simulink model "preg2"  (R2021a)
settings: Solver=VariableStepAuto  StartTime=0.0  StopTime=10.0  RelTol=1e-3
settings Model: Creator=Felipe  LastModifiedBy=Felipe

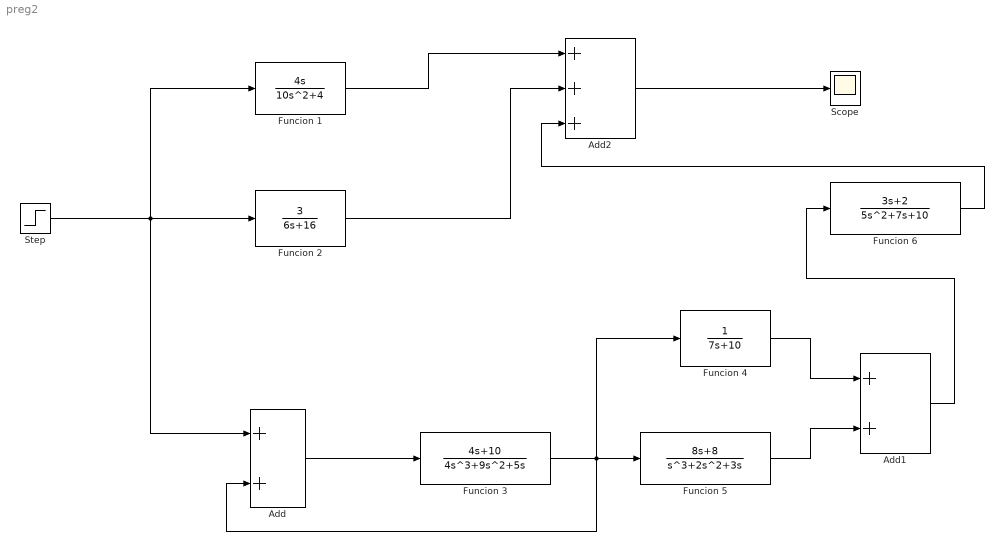
== system preg2 ==
  Add : Sum
  Add1 : Sum
  Add2 : Sum  Inputs=+++
  Funcion 1 : TransferFcn  Numerator=[4 0]  Denominator=[10 0 4]
  Funcion 2 : TransferFcn  Numerator=[3]  Denominator=[6 16]
  Funcion 3 : TransferFcn  Numerator=[4 10]  Denominator=[4 9 5 0]
  Funcion 4 : TransferFcn  Denominator=[7 10]
  Funcion 5 : TransferFcn  Numerator=[8 8]  Denominator=[1 2 3 0]
  Funcion 6 : TransferFcn  Numerator=[3 2]  Denominator=[5 7 10]
  Scope : Scope
  Step : Step  Time=0  SampleTime=0
  wires:
  Add/1 -> Funcion 3/1
  Funcion 4/1 -> Add1/1
  Funcion 5/1 -> Add1/2
  Add1/1 -> Funcion 6/1
  Funcion 1/1 -> Add2/1
  Funcion 2/1 -> Add2/2
  Funcion 6/1 -> Add2/3
  Add2/1 -> Scope/1
  Funcion 3/1 -> Add/2, Funcion 5/1, Funcion 4/1
  Step/1 -> Funcion 1/1, Funcion 2/1, Add/1
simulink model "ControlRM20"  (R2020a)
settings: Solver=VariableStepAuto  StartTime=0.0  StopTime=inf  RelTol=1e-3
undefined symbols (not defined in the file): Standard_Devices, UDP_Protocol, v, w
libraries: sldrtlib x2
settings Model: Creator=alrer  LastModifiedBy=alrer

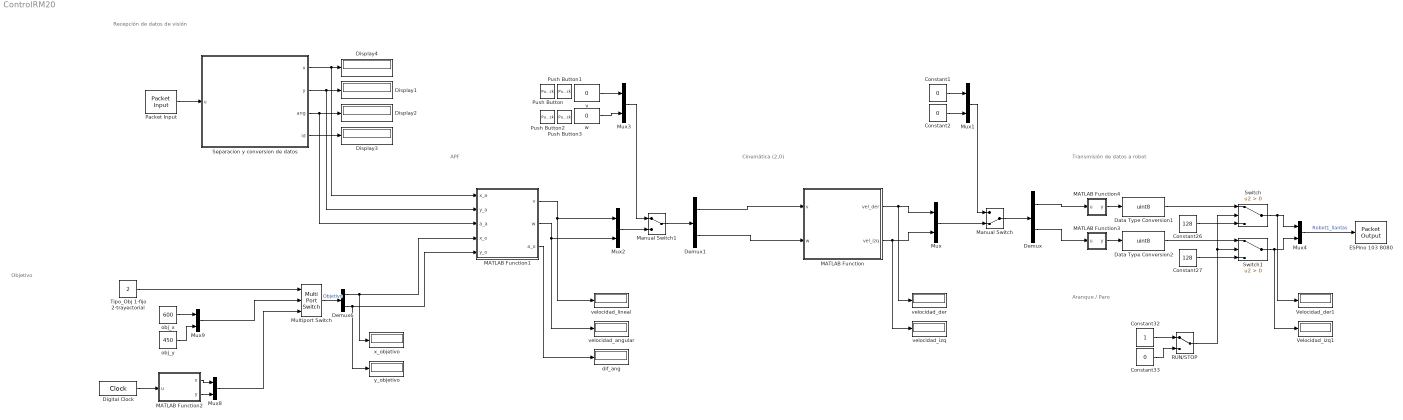
== system ControlRM20 ==
  note: Cinemática (2,0)
  note: Transmisión de datos a robot
  note: Aranque / Paro
  note: APF
  note: Objetivo
  note: Recepción de datos de visión
  Constant1 : Constant  Value=0
  Constant2 : Constant  Value=0
  Constant26 : Constant  Value=128
  Constant27 : Constant  Value=128
  Constant32 : Constant
  Constant33 : Constant  Value=0
  Data Type Conversion1 : DataTypeConversion  OutMin=0  OutMax=255  OutDataTypeStr=uint8
  Data Type Conversion2 : DataTypeConversion  OutMin=0  OutMax=255  OutDataTypeStr=uint8
  Demux : Demux  Outputs=2
  Demux1 : Demux  Outputs=2
  Demux6 : Demux  Outputs=2
  Digital Clock : DigitalClock  SampleTime=-1
  Display{1..4} (4 alike) : Display
  ESPino 103 8080 : sldrtlib/Packet Output  SampleTime=0.01  MaxMissedTicks=inf  ShowMissedTicks=off  YieldWhenWaiting=off  DrvName=Standard_Devices/UDP_Protocol  DrvAddress=12001  DrvOptions=[0 8080 49 57 50 46 49 54 56 46 49 51 55 46 49 55 49 0 0 0 0 0 0 0 0 0 0 0 0 0 0 0 0 0 0 0 0 0 0 0 0 0 0 0 0 0 0 0 0 0 0 0 0 0 0 0 0 0 0 0 0 0 0 0 0 0 0 0 0 0 0 0 0 0 0 0 0 0 0 0 0 0 0 0 0 0 0 0 0 0 0 0 0 0 0 0 0 0 0 0 0 0 0 0 0 0 0 0 0 0 0 0 0 0 0 0 0 0 0 0 0 0 0 0 0 0 0 0 0 0 0 0 0 0 0 0 0 0 0 0 0 0 0 0 0 0 0 0 0 0 0 0 0 0 0 0 0 0 0 0 0 0 0 0 0 0 0 0 0 0 0 0 0 0 0 0 0 0 0 0 0 0 0 0 0 0 0 0 0 0 0 0 0 0 0 0 0 0 0 0 0 0 0 0 0 0 0 0 0 0 0 0 0 0 0 0 0 0 0 0 0 0 0 0 0 0 0 0 0 0 0 0 0 0 0 0 0 0 0 0 0 0 0 0 0 0 0 0 0 0 0 0 0 0 0 0]  PacketSize=2  DataTypes='2*uint8'  ShowReady=off  ShowError=off  PacketID=1  ByteOrder=1  InitialValue=[]  FinalValue=[]
      settings: AttributesFormatString=UDP Protocol [12001]
  MATLAB Function : MATLAB Function  TreatAsAtomicUnit=on
  MATLAB Function1 : MATLAB Function  TreatAsAtomicUnit=on
  MATLAB Function2 : MATLAB Function  TreatAsAtomicUnit=on
  MATLAB Function3 : MATLAB Function  TreatAsAtomicUnit=on
  MATLAB Function4 : MATLAB Function  TreatAsAtomicUnit=on
  Manual Switch : ManualSwitch  CurrentSetting=0
  Manual Switch1 : ManualSwitch
  Multiport Switch : MultiPortSwitch  Inputs=2  DiagnosticForDefault=Warning
  Mux{,1..4,8..9} (7 alike) : Mux  Inputs=2
  Packet Input : sldrtlib/Packet Input  SampleTime=0.001  MaxMissedTicks=inf  ShowMissedTicks=off  YieldWhenWaiting=off  DrvName=Standard_Devices/UDP_Protocol  DrvAddress=58624  DrvOptions=[0 58624 49 50 55 46 48 46 48 46 49 0 0 0 0 0 0 0 0 0 0 0 0 0 0 0 0 0 0 0 0 0 0 0 0 0 0 0 0 0 0 0 0 0 0 0 0 0 0 0 0 0 0 0 0 0 0 0 0 0 0 0 0 0 0 0 0 0 0 0 0 0 0 0 0 0 0 0 0 0 0 0 0 0 0 0 0 0 0 0 0 0 0 0 0 0 0 0 0 0 0 0 0 0 0 0 0 0 0 0 0 0 0 0 0 0 0 0 0 0 0 0 0 0 0 0 0 0 0 0 0 0 0 0 0 0 0 0 0 0 0 0 0 0 0 0 0 0 0 0 0 0 0 0 0 0 0 0 0 0 0 0 0 0 0 0 0 0 0 0 0 0 0 0 0 0 0 0 0 0 0 0 0 0 0 0 0 0 0 0 0 0 0 0 0 0 0 0 0 0 0 0 0 0 0 0 0 0 0 0 0 0 0 0 0 0 0 0 0 0 0 0 0 0 0 0 0 0 0 0 0 0 0 0 0 0 0 0 0 0 0 0 0 0 0 0 0 0 0 0 0 0 0 0 0 0]  PacketSize=34  DataTypes='34*int8'  ShowReady=off  ShowError=off  PacketID=1  ByteOrder=1  ShowTimestamp=off
      settings: AttributesFormatString=UDP Protocol [58624]
  Push Button : PushButtonBlock  ButtonText=v-  OnValue=-500
  Push Button1 : PushButtonBlock  ButtonText=v+  OnValue=500
  Push Button2 : PushButtonBlock  ButtonText=w-  OnValue=-5
  Push Button3 : PushButtonBlock  ButtonText=w+  OnValue=5
  RUN/STOP : ManualSwitch
  Separacion y conversion de datos : MATLAB Function  TreatAsAtomicUnit=on
  Switch : Switch  Criteria=u2 > Threshold
  Switch1 : Switch  Criteria=u2 > Threshold
  Tipo_Obj 1-fijo 2-trayectorial : Constant  Value=2
  "Velocidad_der1 " : Display
  Velocidad_izq1 : Display
  dif_ang : Display
  obj_x : Constant  Value=600
  obj_y : Constant  Value=450
  v : Constant  Value=0
  velocidad_angular : Display
  velocidad_der : Display
  velocidad_izq : Display
  velocidad_lineal : Display
  w : Constant  Value=0
  x_objetivo : Display
  y_objetivo : Display
  wires:
  Packet Input/1 -> Separacion y conversion de datos/1(u)
  Separacion y conversion de datos/1(x) -> MATLAB Function1/1(x_a), Display4/1
  Separacion y conversion de datos/2(y) -> Display1/1, MATLAB Function1/2(y_a)
  Separacion y conversion de datos/3(ang) -> Display2/1, MATLAB Function1/3(a_a)
  Separacion y conversion de datos/4(id) -> Display3/1
  Switch1/1 -> Velocidad_izq1/1, Mux4/2
  Constant26/1 -> Switch/3
  Switch/1 -> "Velocidad_der1 "/1, Mux4/1
  Constant27/1 -> Switch1/3
  Mux4/1 -> ESPino 103 8080/1  "Robot1_llantas"
  Constant32/1 -> RUN/STOP/1
  Constant33/1 -> RUN/STOP/2
  RUN/STOP/1 -> Switch/2, Switch1/2
  MATLAB Function1/1(v) -> velocidad_lineal/1, Mux2/1
  MATLAB Function1/2(w) -> velocidad_angular/1, Mux2/2
  Multiport Switch/1 -> Demux6/1  "Objetivo"
  Digital Clock/1 -> MATLAB Function2/1(u)
  MATLAB Function2/1(x) -> Mux8/1
  Mux9/1 -> Multiport Switch/2
  obj_x/1 -> Mux9/1
  MATLAB Function2/2(y) -> Mux8/2
  Mux8/1 -> Multiport Switch/3
  Tipo_Obj 1-fijo 2-trayectorial/1 -> Multiport Switch/1
  obj_y/1 -> Mux9/2
  Demux6/1 -> x_objetivo/1, MATLAB Function1/4(x_o)
  Demux6/2 -> y_objetivo/1, MATLAB Function1/5(y_o)
  MATLAB Function/1(vel_der) -> velocidad_der/1, Mux/1
  MATLAB Function/2(vel_izq) -> velocidad_izq/1, Mux/2
  Mux/1 -> Manual Switch/2
  Manual Switch/1 -> Demux/1
  Demux/2 -> MATLAB Function3/1(u)
  Demux/1 -> MATLAB Function4/1(u)
  Constant2/1 -> Mux1/2
  Constant1/1 -> Mux1/1
  Mux1/1 -> Manual Switch/1
  Manual Switch1/1 -> Demux1/1
  Mux2/1 -> Manual Switch1/2
  Demux1/1 -> MATLAB Function/1(v)
  Demux1/2 -> MATLAB Function/2(w)
  w/1 -> Mux3/2
  Mux3/1 -> Manual Switch1/1
  MATLAB Function3/1(y) -> Data Type Conversion2/1
  v/1 -> Mux3/1
  MATLAB Function4/1(y) -> Data Type Conversion1/1
  Data Type Conversion1/1 -> Switch/1
  Data Type Conversion2/1 -> Switch1/1
  MATLAB Function1/3(a_o) -> dif_ang/1

== matlab function ControlRM20/MATLAB Function ==
  data: v input; vel_der output; w input; vel_izq output
function [vel_der, vel_izq] = fcn(v, w)

    % Parametros Robot
    r = 60;               % Radio de las llantas [mm]
    b = 85;               % Distancia del eje de desplazamiento del robot al centro de las llantas [mm]
    d = 60;               % Distancia del eje de las llantas al punto de control en la dirección de desplazamiento [mm]

    velMax = 100;         % Velocidad máxima de giro de las llantas
    
    % Cálculo de las velocidades de giro de las llantas
    vLlantaDer = (v + b*w)/r; % Velocidad de giro de la llanta derecha   Signo - por ajuste de los motores
    vLlantaIzq = (v - b*w)/r; % Velocidad de giro de la llanta izquierda
      
    % Límite de la velocidad máxima
    if (vLlantaDer > velMax)
        vLlantaDer = velMax;
    elseif (vLlantaDer < -velMax)
        vLlantaDer = -velMax;
    end
      
    if (vLlantaIzq > velMax)
        vLlantaIzq = velMax;
    elseif (vLlantaIzq < -velMax)
        vLlantaIzq = -velMax;
    end
    
    vel_der = vLlantaDer;
    vel_izq = vLlantaIzq;
    
%********************* Ajuste para tarjetas md25   ************************

    %vel_der = 128 + vLlantaDer;
    %vel_izq = 128 + vLlantaIzq;
    
end

== matlab function ControlRM20/Separacion y conversion de datos ==
  data: u input; x output; y output; ang output; id output
function [x, y, ang, id] = fcn(u)
    aux=0;
    e=zeros(17);

    for i=1:1:17
        if u(i)==77 % Identificador de inicio de cadena "M"
            aux=i;
        end
    end
    
    r=17;
    for j=1:1:r
        e(j)=u(aux+j);
    end

    id = e(16)-48;
    x=(e(2)-48)*1000+(e(3)-48)*100+(e(4)-48)*10+(e(5)-48);
    y=(e(7)-48)*1000+(e(8)-48)*100+(e(9)-48)*10+(e(10)-48);
    ang=(e(13)-48)*100 + (e(14)-48)*10 + (e(15)-48);

    if(e(1)==45)
           x = -x;
    end

    if(e(6)==45)
           y = -y;
    end
end

== matlab function ControlRM20/MATLAB Function1 ==
  data: x_a input; v output; y_a input; a_a input; x_o input; y_o input; w output; a_o output
function [v, w, a_o] = fcn(x_a, y_a, a_a, x_o, y_o)

    kv = 1.5;        % Constante de proporcionalidad de velocidad lineal
    kw = 0.1;          % Constante de proporcionalidad de velocidad angular
    rp = 30;         % Radio de protección del robot (se considera que ya llegó al objetivo) [mm]
    ap = 15;         % Ángulo de protección [°]
    

    d_obj=sqrt((x_o-x_a)^2+(y_o-y_a)^2);  %Calcula la distancia del agente al objetivo
    v = kv * d_obj;            %Velocidad hacia el objetivo es proporcional a la distancia al mismo
      
    a_o = atan2(y_o-y_a, x_o-x_a)*180/pi;    %Cálculo del ángulo con respecto al eje x del agente al objetivo
    da_obj = a_o - (a_a + 90);         %Diferencia entre ángulo del agente y ángulo al objetivo
    
    if (da_obj > 180)
        da_obj = da_obj - 360;
    end
      
    if (da_obj < -180)
        da_obj = da_obj + 360;
    end
    
    w = kw * da_obj;            %Velocidad angular es proporcional a diferencia de ángulo
    
    if (d_obj < rp)
        v = 0;
    end
    if (abs(da_obj) < ap)
        w = 0;
    end

end

== matlab function ControlRM20/MATLAB Function3 ==
  data: u input; y output
function y = fcn(u)

y = 128-u;

== matlab function ControlRM20/MATLAB Function4 ==
  data: u input; y output
function y = fcn(u)

y = 128 + u;

== matlab function ControlRM20/MATLAB Function2 ==
  data: x output; u input; y output
function [x,y] = trayectoria(u)
    x = 300*cos(u/10)+600;
    y = 300*sin(u/10)+450;

end
════════════════
Task goal:
Return every line of the material in which the word "fijo" is found.

Response for this exercise:
  Tipo_Obj 1-fijo 2-trayectorial : Constant  Value=2
  Tipo_Obj 1-fijo 2-trayectorial/1 -> Multiport Switch/1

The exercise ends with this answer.